Search the records for "against". Copy every line where it appears.

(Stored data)
--- START ---

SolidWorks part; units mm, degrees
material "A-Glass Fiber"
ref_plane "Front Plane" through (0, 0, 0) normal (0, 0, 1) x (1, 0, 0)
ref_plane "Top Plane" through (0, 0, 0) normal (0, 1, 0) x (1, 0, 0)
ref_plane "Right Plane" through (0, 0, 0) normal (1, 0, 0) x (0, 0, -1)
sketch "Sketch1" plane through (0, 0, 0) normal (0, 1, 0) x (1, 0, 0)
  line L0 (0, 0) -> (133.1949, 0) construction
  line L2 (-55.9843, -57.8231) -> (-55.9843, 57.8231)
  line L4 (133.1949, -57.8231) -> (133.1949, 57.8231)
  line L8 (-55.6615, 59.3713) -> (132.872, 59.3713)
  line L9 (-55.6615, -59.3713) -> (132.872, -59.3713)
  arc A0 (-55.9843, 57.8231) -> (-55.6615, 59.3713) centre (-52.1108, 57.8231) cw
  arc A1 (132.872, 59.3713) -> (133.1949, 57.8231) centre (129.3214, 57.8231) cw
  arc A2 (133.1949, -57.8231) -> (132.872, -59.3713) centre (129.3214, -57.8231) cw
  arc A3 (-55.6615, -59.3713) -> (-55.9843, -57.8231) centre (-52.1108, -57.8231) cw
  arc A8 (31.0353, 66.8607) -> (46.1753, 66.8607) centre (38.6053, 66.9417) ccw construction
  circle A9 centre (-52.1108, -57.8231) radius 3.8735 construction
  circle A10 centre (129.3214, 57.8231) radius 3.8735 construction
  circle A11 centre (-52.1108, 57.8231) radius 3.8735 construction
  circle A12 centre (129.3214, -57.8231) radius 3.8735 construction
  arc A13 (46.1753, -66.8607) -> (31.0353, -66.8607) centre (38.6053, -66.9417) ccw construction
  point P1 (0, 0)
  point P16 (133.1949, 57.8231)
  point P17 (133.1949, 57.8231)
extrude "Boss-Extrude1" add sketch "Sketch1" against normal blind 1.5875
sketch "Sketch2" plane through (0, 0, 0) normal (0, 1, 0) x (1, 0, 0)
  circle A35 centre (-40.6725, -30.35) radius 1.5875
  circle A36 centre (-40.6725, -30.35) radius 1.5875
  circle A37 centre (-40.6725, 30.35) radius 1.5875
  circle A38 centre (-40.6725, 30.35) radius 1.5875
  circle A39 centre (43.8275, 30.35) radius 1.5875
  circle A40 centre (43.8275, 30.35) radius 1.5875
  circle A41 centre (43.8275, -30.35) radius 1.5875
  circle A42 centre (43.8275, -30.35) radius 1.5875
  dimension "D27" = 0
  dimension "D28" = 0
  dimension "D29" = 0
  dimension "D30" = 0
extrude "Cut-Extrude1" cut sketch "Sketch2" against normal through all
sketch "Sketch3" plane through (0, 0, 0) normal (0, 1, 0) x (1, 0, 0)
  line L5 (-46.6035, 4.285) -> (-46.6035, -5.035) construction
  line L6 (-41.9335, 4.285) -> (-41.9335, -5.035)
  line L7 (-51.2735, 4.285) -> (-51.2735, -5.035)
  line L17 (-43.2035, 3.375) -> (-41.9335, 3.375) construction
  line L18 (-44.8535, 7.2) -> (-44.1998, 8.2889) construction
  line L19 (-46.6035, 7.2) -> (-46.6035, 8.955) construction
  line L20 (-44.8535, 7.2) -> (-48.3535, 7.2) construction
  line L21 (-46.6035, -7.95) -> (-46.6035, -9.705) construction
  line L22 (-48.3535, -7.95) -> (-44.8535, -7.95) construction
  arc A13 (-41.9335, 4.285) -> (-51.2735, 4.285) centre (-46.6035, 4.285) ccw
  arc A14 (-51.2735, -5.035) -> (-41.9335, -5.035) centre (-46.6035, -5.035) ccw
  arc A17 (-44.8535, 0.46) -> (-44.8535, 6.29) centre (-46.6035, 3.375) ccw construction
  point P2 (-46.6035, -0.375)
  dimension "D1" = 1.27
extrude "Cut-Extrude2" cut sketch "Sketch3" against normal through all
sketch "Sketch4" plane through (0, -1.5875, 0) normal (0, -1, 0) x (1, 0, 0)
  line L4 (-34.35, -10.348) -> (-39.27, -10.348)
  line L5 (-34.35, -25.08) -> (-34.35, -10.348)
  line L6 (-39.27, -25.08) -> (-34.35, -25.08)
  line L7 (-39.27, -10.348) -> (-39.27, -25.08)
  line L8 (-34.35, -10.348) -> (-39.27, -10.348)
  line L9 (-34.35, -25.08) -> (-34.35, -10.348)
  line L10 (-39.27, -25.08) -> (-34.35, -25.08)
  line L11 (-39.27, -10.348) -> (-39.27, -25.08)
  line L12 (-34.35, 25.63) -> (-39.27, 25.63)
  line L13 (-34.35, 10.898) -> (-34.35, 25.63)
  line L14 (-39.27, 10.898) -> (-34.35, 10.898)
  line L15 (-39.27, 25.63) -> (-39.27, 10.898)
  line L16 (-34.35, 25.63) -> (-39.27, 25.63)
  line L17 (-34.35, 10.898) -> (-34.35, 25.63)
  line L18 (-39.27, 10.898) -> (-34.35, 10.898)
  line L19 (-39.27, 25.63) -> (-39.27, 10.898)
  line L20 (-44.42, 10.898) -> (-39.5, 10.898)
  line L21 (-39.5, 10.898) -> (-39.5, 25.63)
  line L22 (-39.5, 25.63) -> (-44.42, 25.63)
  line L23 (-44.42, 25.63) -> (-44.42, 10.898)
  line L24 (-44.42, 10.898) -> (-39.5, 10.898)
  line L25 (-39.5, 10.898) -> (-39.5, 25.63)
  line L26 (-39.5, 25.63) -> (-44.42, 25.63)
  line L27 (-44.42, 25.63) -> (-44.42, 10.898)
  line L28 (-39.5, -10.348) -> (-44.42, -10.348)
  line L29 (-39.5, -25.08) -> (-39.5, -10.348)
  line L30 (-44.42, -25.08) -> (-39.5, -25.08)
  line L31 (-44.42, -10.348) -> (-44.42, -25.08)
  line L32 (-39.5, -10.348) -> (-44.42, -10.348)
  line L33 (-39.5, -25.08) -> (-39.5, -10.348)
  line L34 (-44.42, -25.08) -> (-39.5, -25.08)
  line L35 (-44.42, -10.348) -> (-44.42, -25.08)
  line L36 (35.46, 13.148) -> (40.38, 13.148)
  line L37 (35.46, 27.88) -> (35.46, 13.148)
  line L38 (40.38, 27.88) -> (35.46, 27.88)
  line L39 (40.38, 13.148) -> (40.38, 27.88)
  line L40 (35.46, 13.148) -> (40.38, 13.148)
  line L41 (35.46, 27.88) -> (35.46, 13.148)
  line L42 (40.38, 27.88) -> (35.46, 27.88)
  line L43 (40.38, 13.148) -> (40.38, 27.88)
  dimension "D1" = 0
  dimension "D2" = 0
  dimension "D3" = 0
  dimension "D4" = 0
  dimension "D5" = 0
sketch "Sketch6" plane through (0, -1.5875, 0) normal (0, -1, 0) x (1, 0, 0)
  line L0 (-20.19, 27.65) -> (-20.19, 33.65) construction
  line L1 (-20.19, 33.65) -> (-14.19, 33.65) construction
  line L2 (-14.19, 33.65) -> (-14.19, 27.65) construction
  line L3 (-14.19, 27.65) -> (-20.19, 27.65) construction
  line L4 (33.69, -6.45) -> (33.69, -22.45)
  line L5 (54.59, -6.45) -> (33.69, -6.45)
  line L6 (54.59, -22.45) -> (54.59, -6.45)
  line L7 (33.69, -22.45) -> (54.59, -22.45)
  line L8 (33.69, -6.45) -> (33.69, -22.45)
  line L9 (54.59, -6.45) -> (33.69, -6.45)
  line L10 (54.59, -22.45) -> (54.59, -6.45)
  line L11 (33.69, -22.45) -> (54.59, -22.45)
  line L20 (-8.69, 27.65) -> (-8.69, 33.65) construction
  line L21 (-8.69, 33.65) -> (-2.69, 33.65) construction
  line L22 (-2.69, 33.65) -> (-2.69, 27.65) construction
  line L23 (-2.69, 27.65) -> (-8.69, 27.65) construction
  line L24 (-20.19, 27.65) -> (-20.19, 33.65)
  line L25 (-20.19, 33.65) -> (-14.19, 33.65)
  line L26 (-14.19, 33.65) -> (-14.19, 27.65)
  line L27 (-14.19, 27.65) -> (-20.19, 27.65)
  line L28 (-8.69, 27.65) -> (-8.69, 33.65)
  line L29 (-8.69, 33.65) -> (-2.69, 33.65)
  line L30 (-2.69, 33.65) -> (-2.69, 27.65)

--- END ---

▸ Task result:
extrude "Boss-Extrude1" add sketch "Sketch1" against normal blind 1.5875
extrude "Cut-Extrude1" cut sketch "Sketch2" against normal through all
extrude "Cut-Extrude2" cut sketch "Sketch3" against normal through all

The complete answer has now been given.